• **YOUR OBJECTIVE**:
Please state how many lines of the listing contain the word "dashed", giving the number by itself.

• **DATA EXCERPTS**:
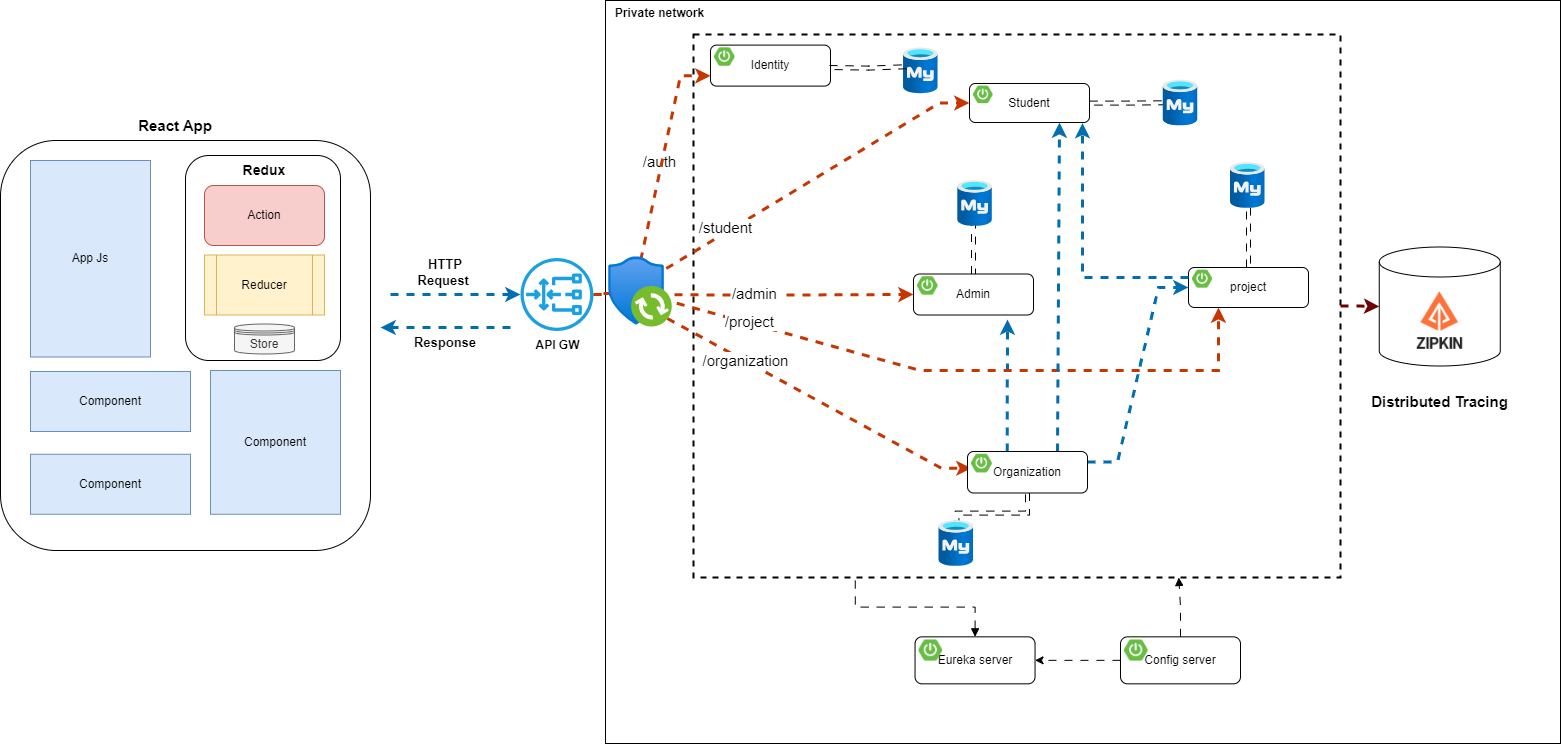

The diagram above was exported from draw.io. Its source (the exported page's mxGraphModel, read from the mxfile embedded in the PNG):
<mxGraphModel dx="1760" dy="956" grid="1" gridSize="10" guides="1" tooltips="1" connect="1" arrows="1" fold="1" page="1" pageScale="1" pageWidth="827" pageHeight="1169" math="0" shadow="0">
  <root>
    <mxCell id="0" />
    <mxCell id="1" parent="0" />
    <mxCell id="6BaqUh6-zXM3X4_hK9kL-1" value="" style="rounded=0;whiteSpace=wrap;html=1;rotatable=1;" parent="1" vertex="1">
      <mxGeometry x="645" y="170" width="955" height="743" as="geometry" />
    </mxCell>
    <mxCell id="6BaqUh6-zXM3X4_hK9kL-2" value="" style="shape=cylinder3;whiteSpace=wrap;html=1;boundedLbl=1;backgroundOutline=1;size=15;" parent="1" vertex="1">
      <mxGeometry x="1418.76" y="416.5" width="121" height="119" as="geometry" />
    </mxCell>
    <mxCell id="6BaqUh6-zXM3X4_hK9kL-3" value="" style="rounded=0;whiteSpace=wrap;html=1;sketch=0;fillColor=none;dashed=1;strokeWidth=2;" parent="1" vertex="1">
      <mxGeometry x="733" y="204" width="647" height="543" as="geometry" />
    </mxCell>
    <mxCell id="6BaqUh6-zXM3X4_hK9kL-5" value="" style="endArrow=classic;html=1;rounded=0;fontSize=15;endSize=6;strokeWidth=3;strokeColor=#C73500;fillColor=#fa6800;edgeStyle=entityRelationEdgeStyle;flowAnimation=1;entryX=0;entryY=0.5;entryDx=0;entryDy=0;" parent="1" source="6BaqUh6-zXM3X4_hK9kL-39" target="6BaqUh6-zXM3X4_hK9kL-51" edge="1">
      <mxGeometry width="50" height="50" relative="1" as="geometry">
        <mxPoint x="737" y="463" as="sourcePoint" />
        <mxPoint x="935.0000000000002" y="274.5" as="targetPoint" />
      </mxGeometry>
    </mxCell>
    <mxCell id="6BaqUh6-zXM3X4_hK9kL-6" value="/auth" style="edgeLabel;html=1;align=center;verticalAlign=middle;resizable=0;points=[];fontSize=15;" parent="6BaqUh6-zXM3X4_hK9kL-5" connectable="0" vertex="1">
      <mxGeometry x="-0.5046" y="1" relative="1" as="geometry">
        <mxPoint x="-29" y="-94" as="offset" />
      </mxGeometry>
    </mxCell>
    <mxCell id="6BaqUh6-zXM3X4_hK9kL-7" value="" style="endArrow=classic;html=1;rounded=0;fontSize=15;endSize=6;strokeWidth=3;strokeColor=#C73500;fillColor=#fa6800;edgeStyle=entityRelationEdgeStyle;entryX=0;entryY=0.75;entryDx=0;entryDy=0;flowAnimation=1;" parent="1" source="6BaqUh6-zXM3X4_hK9kL-39" target="6BaqUh6-zXM3X4_hK9kL-58" edge="1">
      <mxGeometry width="50" height="50" relative="1" as="geometry">
        <mxPoint x="730.9999999999995" y="466" as="sourcePoint" />
        <mxPoint x="956" y="641.5" as="targetPoint" />
      </mxGeometry>
    </mxCell>
    <mxCell id="6BaqUh6-zXM3X4_hK9kL-8" value="/organization" style="edgeLabel;html=1;align=center;verticalAlign=middle;resizable=0;points=[];fontSize=15;" parent="6BaqUh6-zXM3X4_hK9kL-7" connectable="0" vertex="1">
      <mxGeometry x="0.2804" y="-3" relative="1" as="geometry">
        <mxPoint x="-88" y="-53" as="offset" />
      </mxGeometry>
    </mxCell>
    <mxCell id="6BaqUh6-zXM3X4_hK9kL-9" style="edgeStyle=orthogonalEdgeStyle;rounded=0;orthogonalLoop=1;jettySize=auto;html=1;strokeWidth=3;fillColor=#fa6800;strokeColor=#C73500;flowAnimation=1;entryX=0;entryY=0.5;entryDx=0;entryDy=0;" parent="1" target="6BaqUh6-zXM3X4_hK9kL-53" edge="1">
      <mxGeometry relative="1" as="geometry">
        <mxPoint x="873" y="464" as="targetPoint" />
        <mxPoint x="650" y="464" as="sourcePoint" />
      </mxGeometry>
    </mxCell>
    <mxCell id="6BaqUh6-zXM3X4_hK9kL-10" value="/admin&amp;nbsp;" style="edgeLabel;html=1;align=center;verticalAlign=middle;resizable=0;points=[];fontSize=15;" parent="6BaqUh6-zXM3X4_hK9kL-9" connectable="0" vertex="1">
      <mxGeometry x="0.2865" y="1" relative="1" as="geometry">
        <mxPoint x="-50" y="-1" as="offset" />
      </mxGeometry>
    </mxCell>
    <mxCell id="6BaqUh6-zXM3X4_hK9kL-12" value="" style="shape=image;verticalLabelPosition=bottom;labelBackgroundColor=default;verticalAlign=top;aspect=fixed;imageAspect=0;image=https://avatars.githubusercontent.com/u/11860887?s=280&amp;v=4;" parent="1" vertex="1">
      <mxGeometry x="1447.76" y="458.5" width="63" height="63" as="geometry" />
    </mxCell>
    <mxCell id="6BaqUh6-zXM3X4_hK9kL-16" style="rounded=0;orthogonalLoop=1;jettySize=auto;html=1;exitX=0.331;exitY=-0.003;exitDx=0;exitDy=0;exitPerimeter=0;strokeWidth=3;fillColor=#1ba1e2;strokeColor=#006EAF;flowAnimation=1;" parent="1" source="6BaqUh6-zXM3X4_hK9kL-57" edge="1">
      <mxGeometry relative="1" as="geometry">
        <mxPoint x="1047" y="489" as="targetPoint" />
      </mxGeometry>
    </mxCell>
    <mxCell id="6BaqUh6-zXM3X4_hK9kL-17" style="edgeStyle=entityRelationEdgeStyle;rounded=0;orthogonalLoop=1;jettySize=auto;html=1;entryX=0;entryY=0.5;entryDx=0;entryDy=0;exitX=1;exitY=0.25;exitDx=0;exitDy=0;fillColor=#1ba1e2;strokeColor=#006EAF;strokeWidth=3;flowAnimation=1;" parent="1" source="6BaqUh6-zXM3X4_hK9kL-57" target="6BaqUh6-zXM3X4_hK9kL-55" edge="1">
      <mxGeometry relative="1" as="geometry" />
    </mxCell>
    <mxCell id="6BaqUh6-zXM3X4_hK9kL-18" style="rounded=0;orthogonalLoop=1;jettySize=auto;html=1;entryX=0.25;entryY=1;entryDx=0;entryDy=0;fillColor=#60a917;strokeColor=#C73500;strokeWidth=3;flowAnimation=1;" parent="1" target="6BaqUh6-zXM3X4_hK9kL-55" edge="1">
      <mxGeometry relative="1" as="geometry">
        <mxPoint x="670" y="460" as="sourcePoint" />
        <mxPoint x="1511" y="457" as="targetPoint" />
        <Array as="points">
          <mxPoint x="960" y="540" />
          <mxPoint x="1258" y="540" />
        </Array>
      </mxGeometry>
    </mxCell>
    <mxCell id="6BaqUh6-zXM3X4_hK9kL-19" style="rounded=0;orthogonalLoop=1;jettySize=auto;html=1;exitX=0.75;exitY=0;exitDx=0;exitDy=0;entryX=0.75;entryY=1;entryDx=0;entryDy=0;strokeWidth=3;fillColor=#1ba1e2;strokeColor=#006EAF;flowAnimation=1;" parent="1" source="6BaqUh6-zXM3X4_hK9kL-57" target="6BaqUh6-zXM3X4_hK9kL-51" edge="1">
      <mxGeometry relative="1" as="geometry" />
    </mxCell>
    <mxCell id="6BaqUh6-zXM3X4_hK9kL-29" style="edgeStyle=orthogonalEdgeStyle;rounded=0;orthogonalLoop=1;jettySize=auto;html=1;shape=link;flowAnimation=1;" parent="1" source="6BaqUh6-zXM3X4_hK9kL-51" edge="1">
      <mxGeometry relative="1" as="geometry">
        <mxPoint x="1205.9973521181128" y="272.24" as="targetPoint" />
      </mxGeometry>
    </mxCell>
    <mxCell id="6BaqUh6-zXM3X4_hK9kL-30" style="edgeStyle=orthogonalEdgeStyle;rounded=0;orthogonalLoop=1;jettySize=auto;html=1;shape=link;flowAnimation=1;" parent="1" source="6BaqUh6-zXM3X4_hK9kL-55" edge="1">
      <mxGeometry relative="1" as="geometry">
        <mxPoint x="1288" y="377.04120428447357" as="targetPoint" />
      </mxGeometry>
    </mxCell>
    <mxCell id="6BaqUh6-zXM3X4_hK9kL-34" style="edgeStyle=orthogonalEdgeStyle;rounded=0;orthogonalLoop=1;jettySize=auto;html=1;entryX=1;entryY=0.5;entryDx=0;entryDy=0;exitX=0.5;exitY=1;exitDx=0;exitDy=0;shape=link;flowAnimation=1;" parent="1" source="6BaqUh6-zXM3X4_hK9kL-57" edge="1">
      <mxGeometry relative="1" as="geometry">
        <mxPoint x="996.1200000000001" y="697.5206021422368" as="targetPoint" />
      </mxGeometry>
    </mxCell>
    <mxCell id="6BaqUh6-zXM3X4_hK9kL-35" style="edgeStyle=orthogonalEdgeStyle;rounded=0;orthogonalLoop=1;jettySize=auto;html=1;entryX=0.25;entryY=1;entryDx=0;entryDy=0;shape=link;flowAnimation=1;" parent="1" source="6BaqUh6-zXM3X4_hK9kL-53" edge="1">
      <mxGeometry relative="1" as="geometry">
        <mxPoint x="1012.9680140885844" y="390.04120428447357" as="targetPoint" />
      </mxGeometry>
    </mxCell>
    <mxCell id="6BaqUh6-zXM3X4_hK9kL-37" style="edgeStyle=orthogonalEdgeStyle;rounded=0;orthogonalLoop=1;jettySize=auto;html=1;entryX=0;entryY=0.5;entryDx=0;entryDy=0;entryPerimeter=0;strokeWidth=3;fillColor=#a20025;strokeColor=#6F0000;flowAnimation=1;" parent="1" source="6BaqUh6-zXM3X4_hK9kL-3" target="6BaqUh6-zXM3X4_hK9kL-2" edge="1">
      <mxGeometry relative="1" as="geometry" />
    </mxCell>
    <mxCell id="6BaqUh6-zXM3X4_hK9kL-38" value="Distributed Tracing" style="text;html=1;align=center;verticalAlign=middle;resizable=0;points=[];autosize=1;strokeColor=none;fillColor=none;fontStyle=1;fontSize=15;" parent="1" vertex="1">
      <mxGeometry x="1401.76" y="556" width="155" height="30" as="geometry" />
    </mxCell>
    <mxCell id="6BaqUh6-zXM3X4_hK9kL-39" value="&lt;b&gt;API GW&lt;/b&gt;" style="sketch=0;outlineConnect=0;dashed=0;verticalLabelPosition=bottom;verticalAlign=top;align=center;html=1;fontSize=12;fontStyle=0;aspect=fixed;pointerEvents=1;shape=mxgraph.aws4.gateway_load_balancer;labelBackgroundColor=none;labelBorderColor=none;fillColor=#1ba1e2;strokeColor=default;" parent="1" vertex="1">
      <mxGeometry x="560" y="427.5" width="73" height="73" as="geometry" />
    </mxCell>
    <mxCell id="6BaqUh6-zXM3X4_hK9kL-43" value="Private network" style="text;html=1;align=center;verticalAlign=middle;resizable=0;points=[];autosize=1;strokeColor=none;fillColor=none;fontStyle=1" parent="1" vertex="1">
      <mxGeometry x="645" y="170" width="107" height="26" as="geometry" />
    </mxCell>
    <mxCell id="6BaqUh6-zXM3X4_hK9kL-44" style="edgeStyle=orthogonalEdgeStyle;rounded=0;orthogonalLoop=1;jettySize=auto;html=1;entryX=0.75;entryY=1;entryDx=0;entryDy=0;flowAnimation=1;startArrow=none;startFill=0;endArrow=block;endFill=1;" parent="1" source="6BaqUh6-zXM3X4_hK9kL-63" target="6BaqUh6-zXM3X4_hK9kL-3" edge="1">
      <mxGeometry relative="1" as="geometry" />
    </mxCell>
    <mxCell id="6BaqUh6-zXM3X4_hK9kL-45" style="edgeStyle=orthogonalEdgeStyle;rounded=0;orthogonalLoop=1;jettySize=auto;html=1;entryX=0.25;entryY=1;entryDx=0;entryDy=0;flowAnimation=1;startArrow=block;startFill=1;endArrow=none;endFill=0;" parent="1" source="6BaqUh6-zXM3X4_hK9kL-61" target="6BaqUh6-zXM3X4_hK9kL-3" edge="1">
      <mxGeometry relative="1" as="geometry" />
    </mxCell>
    <mxCell id="6BaqUh6-zXM3X4_hK9kL-49" style="edgeStyle=orthogonalEdgeStyle;rounded=0;orthogonalLoop=1;jettySize=auto;html=1;flowAnimation=1;" parent="1" source="6BaqUh6-zXM3X4_hK9kL-63" target="6BaqUh6-zXM3X4_hK9kL-61" edge="1">
      <mxGeometry relative="1" as="geometry" />
    </mxCell>
    <mxCell id="6BaqUh6-zXM3X4_hK9kL-51" value="Student" style="rounded=1;whiteSpace=wrap;html=1;" parent="1" vertex="1">
      <mxGeometry x="1009" y="253" width="120" height="39" as="geometry" />
    </mxCell>
    <mxCell id="6BaqUh6-zXM3X4_hK9kL-52" value="" style="shape=image;verticalLabelPosition=bottom;labelBackgroundColor=default;verticalAlign=top;aspect=fixed;imageAspect=0;image=https://images.ctfassets.net/gt6dp23g0g38/5DqlQtFKecFlkqQ8YGDT2p/aa945b648f44dd872e9a1b89f7d203ef/springboot.png;" parent="1" vertex="1">
      <mxGeometry x="1013" y="255.60000000000002" width="19.538999999999998" height="17.55" as="geometry" />
    </mxCell>
    <mxCell id="6BaqUh6-zXM3X4_hK9kL-53" value="Admin" style="rounded=1;whiteSpace=wrap;html=1;" parent="1" vertex="1">
      <mxGeometry x="953" y="443.5" width="120" height="41" as="geometry" />
    </mxCell>
    <mxCell id="6BaqUh6-zXM3X4_hK9kL-54" value="" style="shape=image;verticalLabelPosition=bottom;labelBackgroundColor=default;verticalAlign=top;aspect=fixed;imageAspect=0;image=https://images.ctfassets.net/gt6dp23g0g38/5DqlQtFKecFlkqQ8YGDT2p/aa945b648f44dd872e9a1b89f7d203ef/springboot.png;" parent="1" vertex="1">
      <mxGeometry x="957" y="446.23333333333335" width="20.541" height="18.45" as="geometry" />
    </mxCell>
    <mxCell id="6BaqUh6-zXM3X4_hK9kL-55" value="project" style="rounded=1;whiteSpace=wrap;html=1;" parent="1" vertex="1">
      <mxGeometry x="1228" y="437" width="120" height="40" as="geometry" />
    </mxCell>
    <mxCell id="6BaqUh6-zXM3X4_hK9kL-56" value="" style="shape=image;verticalLabelPosition=bottom;labelBackgroundColor=default;verticalAlign=top;aspect=fixed;imageAspect=0;image=https://images.ctfassets.net/gt6dp23g0g38/5DqlQtFKecFlkqQ8YGDT2p/aa945b648f44dd872e9a1b89f7d203ef/springboot.png;" parent="1" vertex="1">
      <mxGeometry x="1232" y="439.66666666666674" width="20.04" height="18.000000000000004" as="geometry" />
    </mxCell>
    <mxCell id="6BaqUh6-zXM3X4_hK9kL-57" value="Organization" style="rounded=1;whiteSpace=wrap;html=1;" parent="1" vertex="1">
      <mxGeometry x="1007" y="621" width="120" height="41.5" as="geometry" />
    </mxCell>
    <mxCell id="6BaqUh6-zXM3X4_hK9kL-58" value="" style="shape=image;verticalLabelPosition=bottom;labelBackgroundColor=default;verticalAlign=top;aspect=fixed;imageAspect=0;image=https://images.ctfassets.net/gt6dp23g0g38/5DqlQtFKecFlkqQ8YGDT2p/aa945b648f44dd872e9a1b89f7d203ef/springboot.png;" parent="1" vertex="1">
      <mxGeometry x="1011" y="623.7666666666667" width="20.7915" height="18.675" as="geometry" />
    </mxCell>
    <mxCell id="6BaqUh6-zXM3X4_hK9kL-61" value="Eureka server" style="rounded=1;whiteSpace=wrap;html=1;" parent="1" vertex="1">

• **PROBLEM SOLUTION**:
2